We now move to a Biblical allusion in “A Word made Flesh is seldom.” Here, the Word is God, who is Logos—language, reason. Excluding an extended exercise in exegesis of John, this poem, in essence marks the “consent of Language / This loved Philology”—the love of Logos.

Now the word is less Devine—in this next poem, I take it to mean just that, the word. “A Word dropped careless on a Page,” as in a poem, which “breeds” “Infection.” The “Malaria” of her infectious words escapes her death and causing “Despair” for “Centuries” and for the future generations.

We last go from the “malaria” of the previous poem to “I heard a Fly buzz—when I died—.” It would seem that this poem would hardly fit in with the others, yet I should see this as a fitting finale for the sequence.
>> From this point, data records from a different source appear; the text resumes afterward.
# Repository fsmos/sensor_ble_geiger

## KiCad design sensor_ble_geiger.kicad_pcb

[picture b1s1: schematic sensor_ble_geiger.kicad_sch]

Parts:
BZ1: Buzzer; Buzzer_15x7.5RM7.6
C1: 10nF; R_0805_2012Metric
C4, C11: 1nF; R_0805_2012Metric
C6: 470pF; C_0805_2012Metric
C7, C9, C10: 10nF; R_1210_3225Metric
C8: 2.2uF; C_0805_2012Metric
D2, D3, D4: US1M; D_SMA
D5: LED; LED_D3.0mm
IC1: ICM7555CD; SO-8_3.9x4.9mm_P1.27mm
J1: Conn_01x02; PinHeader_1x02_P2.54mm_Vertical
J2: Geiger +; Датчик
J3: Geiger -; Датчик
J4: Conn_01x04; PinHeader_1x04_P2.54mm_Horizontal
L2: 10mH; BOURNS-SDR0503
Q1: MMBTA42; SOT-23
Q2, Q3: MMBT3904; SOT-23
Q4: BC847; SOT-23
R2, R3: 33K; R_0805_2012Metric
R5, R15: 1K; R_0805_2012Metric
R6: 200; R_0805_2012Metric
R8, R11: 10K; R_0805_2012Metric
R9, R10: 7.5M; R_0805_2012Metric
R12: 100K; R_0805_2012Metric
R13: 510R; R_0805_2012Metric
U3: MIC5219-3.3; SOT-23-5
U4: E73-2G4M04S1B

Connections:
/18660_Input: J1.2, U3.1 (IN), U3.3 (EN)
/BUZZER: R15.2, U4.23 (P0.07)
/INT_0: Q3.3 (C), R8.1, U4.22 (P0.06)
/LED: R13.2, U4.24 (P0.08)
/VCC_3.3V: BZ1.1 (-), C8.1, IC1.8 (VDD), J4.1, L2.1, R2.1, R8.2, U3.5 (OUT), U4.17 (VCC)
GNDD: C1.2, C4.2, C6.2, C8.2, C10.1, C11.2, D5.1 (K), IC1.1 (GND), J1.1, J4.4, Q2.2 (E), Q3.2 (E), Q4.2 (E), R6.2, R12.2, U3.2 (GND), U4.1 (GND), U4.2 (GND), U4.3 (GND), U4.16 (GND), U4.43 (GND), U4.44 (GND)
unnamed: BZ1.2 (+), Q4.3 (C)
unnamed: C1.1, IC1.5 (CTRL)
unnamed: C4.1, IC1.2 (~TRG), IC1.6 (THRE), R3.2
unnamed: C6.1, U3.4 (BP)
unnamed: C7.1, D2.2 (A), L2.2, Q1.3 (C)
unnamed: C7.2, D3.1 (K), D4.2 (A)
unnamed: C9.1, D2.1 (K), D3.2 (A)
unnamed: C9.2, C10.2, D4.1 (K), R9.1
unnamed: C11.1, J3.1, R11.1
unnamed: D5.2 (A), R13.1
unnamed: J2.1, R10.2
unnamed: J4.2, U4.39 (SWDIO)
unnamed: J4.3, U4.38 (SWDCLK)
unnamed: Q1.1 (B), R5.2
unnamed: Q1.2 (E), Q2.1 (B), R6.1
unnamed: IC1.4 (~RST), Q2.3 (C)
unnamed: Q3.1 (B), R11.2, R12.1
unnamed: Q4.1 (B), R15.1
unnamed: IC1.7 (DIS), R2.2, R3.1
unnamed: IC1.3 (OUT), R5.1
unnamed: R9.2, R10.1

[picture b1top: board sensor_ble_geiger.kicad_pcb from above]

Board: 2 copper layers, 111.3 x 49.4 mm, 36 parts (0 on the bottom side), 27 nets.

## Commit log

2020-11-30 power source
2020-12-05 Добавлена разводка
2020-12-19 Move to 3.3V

It is the banality of death, the end. It captures a sense of permanence, yet it is not permanent. The poem ends in a dash, leaving it open, as if yet to be completed.

In this sequence I have tried to create a progression, not so much in time (in fact, I created this blind to when each of these poems were written) but rather in ideas, filaments of text, sometimes faint, sometimes clear, from which emerge a whole with meaning greater than the sum of its parts.


1 I understand that by doing such a thing, I am placing within a critical framework. In this sentence, I am of course alluding to Wimsatt and Beardsley’s essays on “The Intentional Fallacy” and “The Affective Fallacy.”

2 In saying this, I do not mean to make too close a comparison between Pound and Dickinson or even between the two poems. Dickinson does not share the modernist crisis of language; her imagery in this poem is more abstract and more complex. There are numerous other differences as well, which I shall not get into here.

3 I should suppose my “affect” got ahead of me here.